-- What is expected --
Each line of data below is to be returned exactly, leaving out any picture.

□ □ □ □

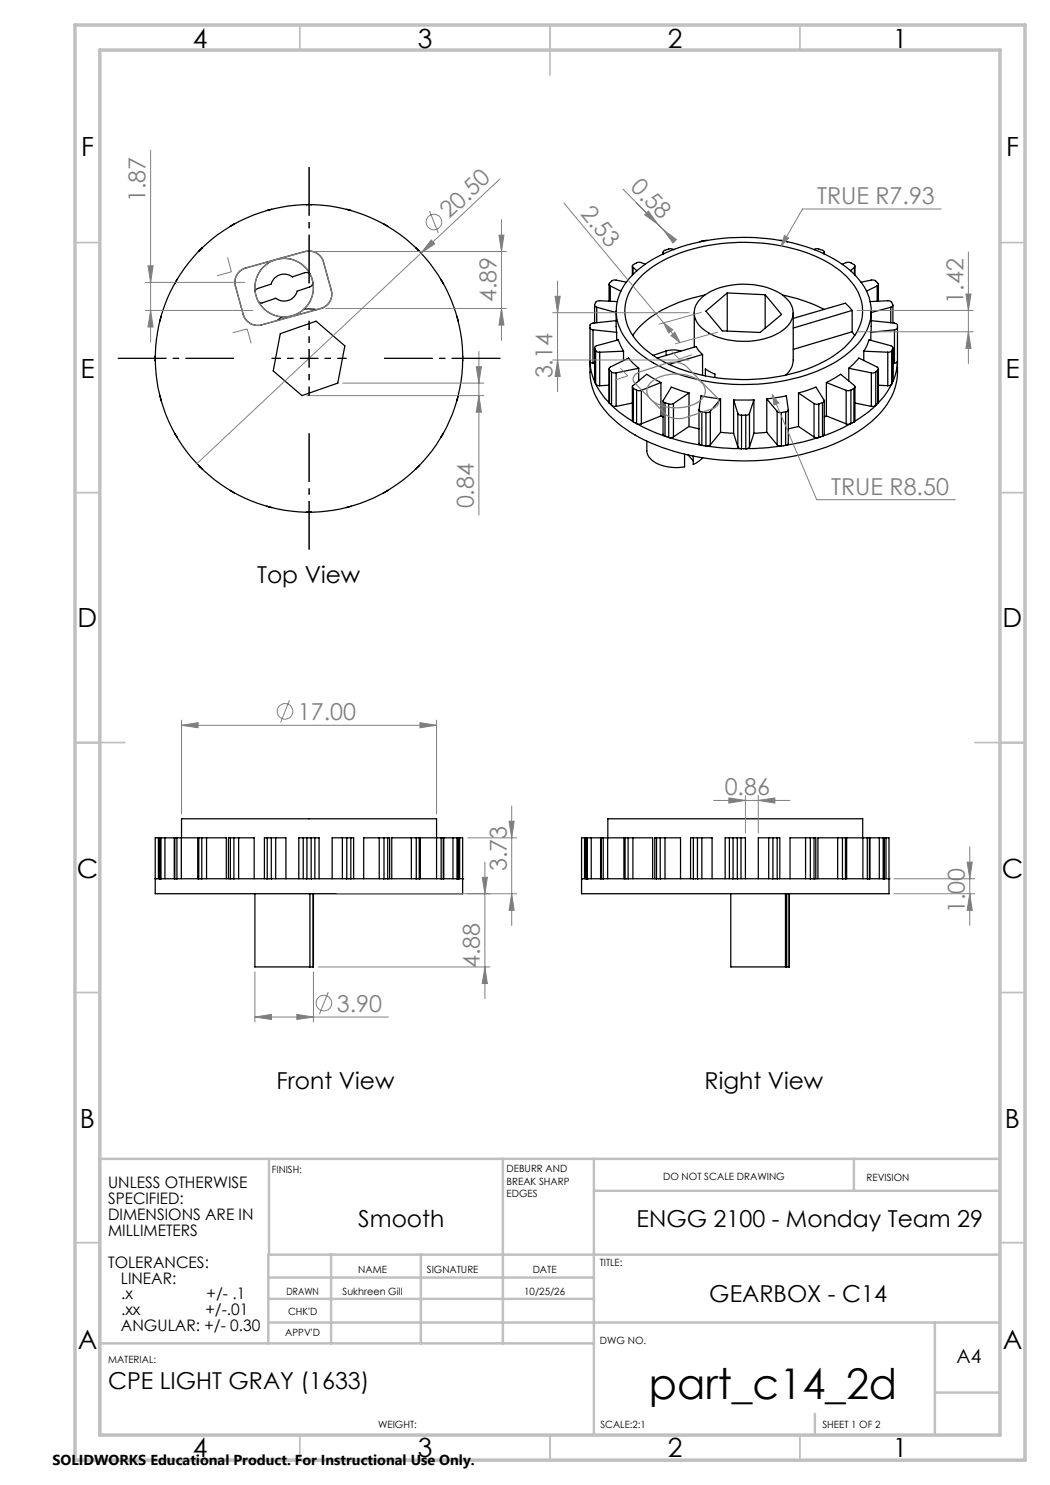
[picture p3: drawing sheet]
<svg xmlns="http://www.w3.org/2000/svg" width="210mm" height="297mm" viewBox="0 0 210 297" stroke-linecap="round" stroke-linejoin="round" font-family="sans-serif">
<g fill="none" stroke="#000" stroke-width=".25">
<path d="M35.4 55.9l-.5 .9M40.4 49.6l-.7 .7M46.8 44.8l-.8 .5M51 58.2l.4 1.5 .4 .7M53.6 52.4v.2M54.3 41.9l-1 .2M55.5 51.8l5.5-1.5a2.98 2.98 0 0 1 3.7 2.1l1.6 5.6a2.99 2.99 0 0 1-2.1 3.7l-11.9 3.3a2.99 2.99 0 0 1-3.7-2.1l-1.5-5.6a2.99 2.99 0 0 1 2.1-3.7l5.9-1.6M56.5 51.6v.1M61.3 41h1M62 54.8l-.2-.2-.7-.1-2.6 .9a2.69 2.69 0 0 0-4.3 1.4l-2.7 .9-.5 .5M62 54.8a5.9 5.9 0 0 0-6.9-2.8 5.9 5.9 0 0 0-4.1 6.2M62 54.8l.6 1.8"/>
<path d="M62.6 56.6l-.4 .7-2.8 .9a2.72 2.72 0 0 1-4.2 1.5l-2.8 .9-.6-.2M62.6 56.6a5.9 5.9 0 0 1-3.8 6.4 5.9 5.9 0 0 1-7-2.6M69.3 41.9l.9 .2M76.7 44.8l.9 .5M83.2 49.6l.7 .7M88.2 55.9l.5 .9M121.8 56.9v3.4M122.1 57.2l2.1 1M122.1 57.2v3.1M125.3 56.4l-2.3-.4-.5 .1-.6 .6a.33 .33 0 0 0 .2 .5M126.5 53.2v1.8M126.5 55a27 27 0 0 1 14.4-6.8 40.8 40.8 0 0 1 24 2.6 16.6 16.6 0 0 1 8.6 7.9 9.3 9.3 0 0 1-1.9 10.1 26.4 26.4 0 0 1-15 7.4 39.5 39.5 0 0 1-25.9-3.6 14.3 14.3 0 0 1-7.2-8.4 9.7 9.7 0 0 1 3-9.2z"/>
<path d="M126.6 53.5v1.4M126.6 53.5l.8 .6M128.5 55a28.1 28.1 0 0 1 15.7-6.3 35.8 35.8 0 0 1 22.2 4.3 12.4 12.4 0 0 1 6.1 8.3 10 10 0 0 1-4.2 8.7 29.7 29.7 0 0 1-17.4 5.8 34.8 34.8 0 0 1-19.8-4.4 12.1 12.1 0 0 1-6.1-8.3 9.6 9.6 0 0 1 3.5-8.1zM129 52.8l-1-.3h-.4l-.9 .4a.32 .32 0 0 0-.2 .3 .32 .32 0 0 0 .1 .3M132.6 50.4v.4M132.7 50.6l.1 .1M132.7 50.6v.2M134.7 49.9l-.7-.2-1 .4a.37 .37 0 0 0-.3 .5M134.7 49.9h.1M140.1 59.8a12.7 12.7 0 0 1 10-2.9 10 10 0 0 1 8.1 4 3.9 3.9 0 0 1-1.7 5.2 15 15 0 0 1-14.8 .5 4.7 4.7 0 0 1-2.8-4.6l.3-.9zM141 59a25.3 25.3 0 0 0-13.3 6.6l-1.2 1.5M141.5 48.1l-1.5 .3"/>
<path d="M145.5 58.6l-4.3 3.6 3.3 4 7.5 .3 4.3-3.6-3.3-4M145.5 58.6l7.5 .3M145.5 58.6v7.6M153 58.9v6.7M156 48.1l1.5 .3M156.5 59a32.2 32.2 0 0 1 8.3 2.9M162.8 49.9l.7-.2 1 .4a.37 .37 0 0 1 .3 .5M162.8 49.9h.1M164.8 50.6l-.1 .1M164.8 50.6v.2M164.9 50.4v.4M168.5 52.8l.8-.3h.6l.9 .4a.34 .34 0 0 1 .1 .6"/>
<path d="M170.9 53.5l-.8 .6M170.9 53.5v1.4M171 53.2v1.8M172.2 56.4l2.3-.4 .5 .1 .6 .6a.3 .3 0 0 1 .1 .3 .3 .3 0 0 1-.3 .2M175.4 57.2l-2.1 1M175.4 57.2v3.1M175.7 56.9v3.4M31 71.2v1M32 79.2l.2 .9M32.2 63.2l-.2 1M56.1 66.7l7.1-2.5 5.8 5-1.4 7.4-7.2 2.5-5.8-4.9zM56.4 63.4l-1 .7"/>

□ □ □ □

-- Output of the exercise --
[picture p3: drawing sheet]
<svg xmlns="http://www.w3.org/2000/svg" width="210mm" height="297mm" viewBox="0 0 210 297" stroke-linecap="round" stroke-linejoin="round" font-family="sans-serif">
<g fill="none" stroke="#000" stroke-width=".25">
<path d="M35.4 55.9l-.5 .9M40.4 49.6l-.7 .7M46.8 44.8l-.8 .5M51 58.2l.4 1.5 .4 .7M53.6 52.4v.2M54.3 41.9l-1 .2M55.5 51.8l5.5-1.5a2.98 2.98 0 0 1 3.7 2.1l1.6 5.6a2.99 2.99 0 0 1-2.1 3.7l-11.9 3.3a2.99 2.99 0 0 1-3.7-2.1l-1.5-5.6a2.99 2.99 0 0 1 2.1-3.7l5.9-1.6M56.5 51.6v.1M61.3 41h1M62 54.8l-.2-.2-.7-.1-2.6 .9a2.69 2.69 0 0 0-4.3 1.4l-2.7 .9-.5 .5M62 54.8a5.9 5.9 0 0 0-6.9-2.8 5.9 5.9 0 0 0-4.1 6.2M62 54.8l.6 1.8"/>
<path d="M62.6 56.6l-.4 .7-2.8 .9a2.72 2.72 0 0 1-4.2 1.5l-2.8 .9-.6-.2M62.6 56.6a5.9 5.9 0 0 1-3.8 6.4 5.9 5.9 0 0 1-7-2.6M69.3 41.9l.9 .2M76.7 44.8l.9 .5M83.2 49.6l.7 .7M88.2 55.9l.5 .9M121.8 56.9v3.4M122.1 57.2l2.1 1M122.1 57.2v3.1M125.3 56.4l-2.3-.4-.5 .1-.6 .6a.33 .33 0 0 0 .2 .5M126.5 53.2v1.8M126.5 55a27 27 0 0 1 14.4-6.8 40.8 40.8 0 0 1 24 2.6 16.6 16.6 0 0 1 8.6 7.9 9.3 9.3 0 0 1-1.9 10.1 26.4 26.4 0 0 1-15 7.4 39.5 39.5 0 0 1-25.9-3.6 14.3 14.3 0 0 1-7.2-8.4 9.7 9.7 0 0 1 3-9.2z"/>
<path d="M126.6 53.5v1.4M126.6 53.5l.8 .6M128.5 55a28.1 28.1 0 0 1 15.7-6.3 35.8 35.8 0 0 1 22.2 4.3 12.4 12.4 0 0 1 6.1 8.3 10 10 0 0 1-4.2 8.7 29.7 29.7 0 0 1-17.4 5.8 34.8 34.8 0 0 1-19.8-4.4 12.1 12.1 0 0 1-6.1-8.3 9.6 9.6 0 0 1 3.5-8.1zM129 52.8l-1-.3h-.4l-.9 .4a.32 .32 0 0 0-.2 .3 .32 .32 0 0 0 .1 .3M132.6 50.4v.4M132.7 50.6l.1 .1M132.7 50.6v.2M134.7 49.9l-.7-.2-1 .4a.37 .37 0 0 0-.3 .5M134.7 49.9h.1M140.1 59.8a12.7 12.7 0 0 1 10-2.9 10 10 0 0 1 8.1 4 3.9 3.9 0 0 1-1.7 5.2 15 15 0 0 1-14.8 .5 4.7 4.7 0 0 1-2.8-4.6l.3-.9zM141 59a25.3 25.3 0 0 0-13.3 6.6l-1.2 1.5M141.5 48.1l-1.5 .3"/>
<path d="M145.5 58.6l-4.3 3.6 3.3 4 7.5 .3 4.3-3.6-3.3-4M145.5 58.6l7.5 .3M145.5 58.6v7.6M153 58.9v6.7M156 48.1l1.5 .3M156.5 59a32.2 32.2 0 0 1 8.3 2.9M162.8 49.9l.7-.2 1 .4a.37 .37 0 0 1 .3 .5M162.8 49.9h.1M164.8 50.6l-.1 .1M164.8 50.6v.2M164.9 50.4v.4M168.5 52.8l.8-.3h.6l.9 .4a.34 .34 0 0 1 .1 .6"/>
<path d="M170.9 53.5l-.8 .6M170.9 53.5v1.4M171 53.2v1.8M172.2 56.4l2.3-.4 .5 .1 .6 .6a.3 .3 0 0 1 .1 .3 .3 .3 0 0 1-.3 .2M175.4 57.2l-2.1 1M175.4 57.2v3.1M175.7 56.9v3.4M31 71.2v1M32 79.2l.2 .9M32.2 63.2l-.2 1M56.1 66.7l7.1-2.5 5.8 5-1.4 7.4-7.2 2.5-5.8-4.9zM56.4 63.4l-1 .7"/>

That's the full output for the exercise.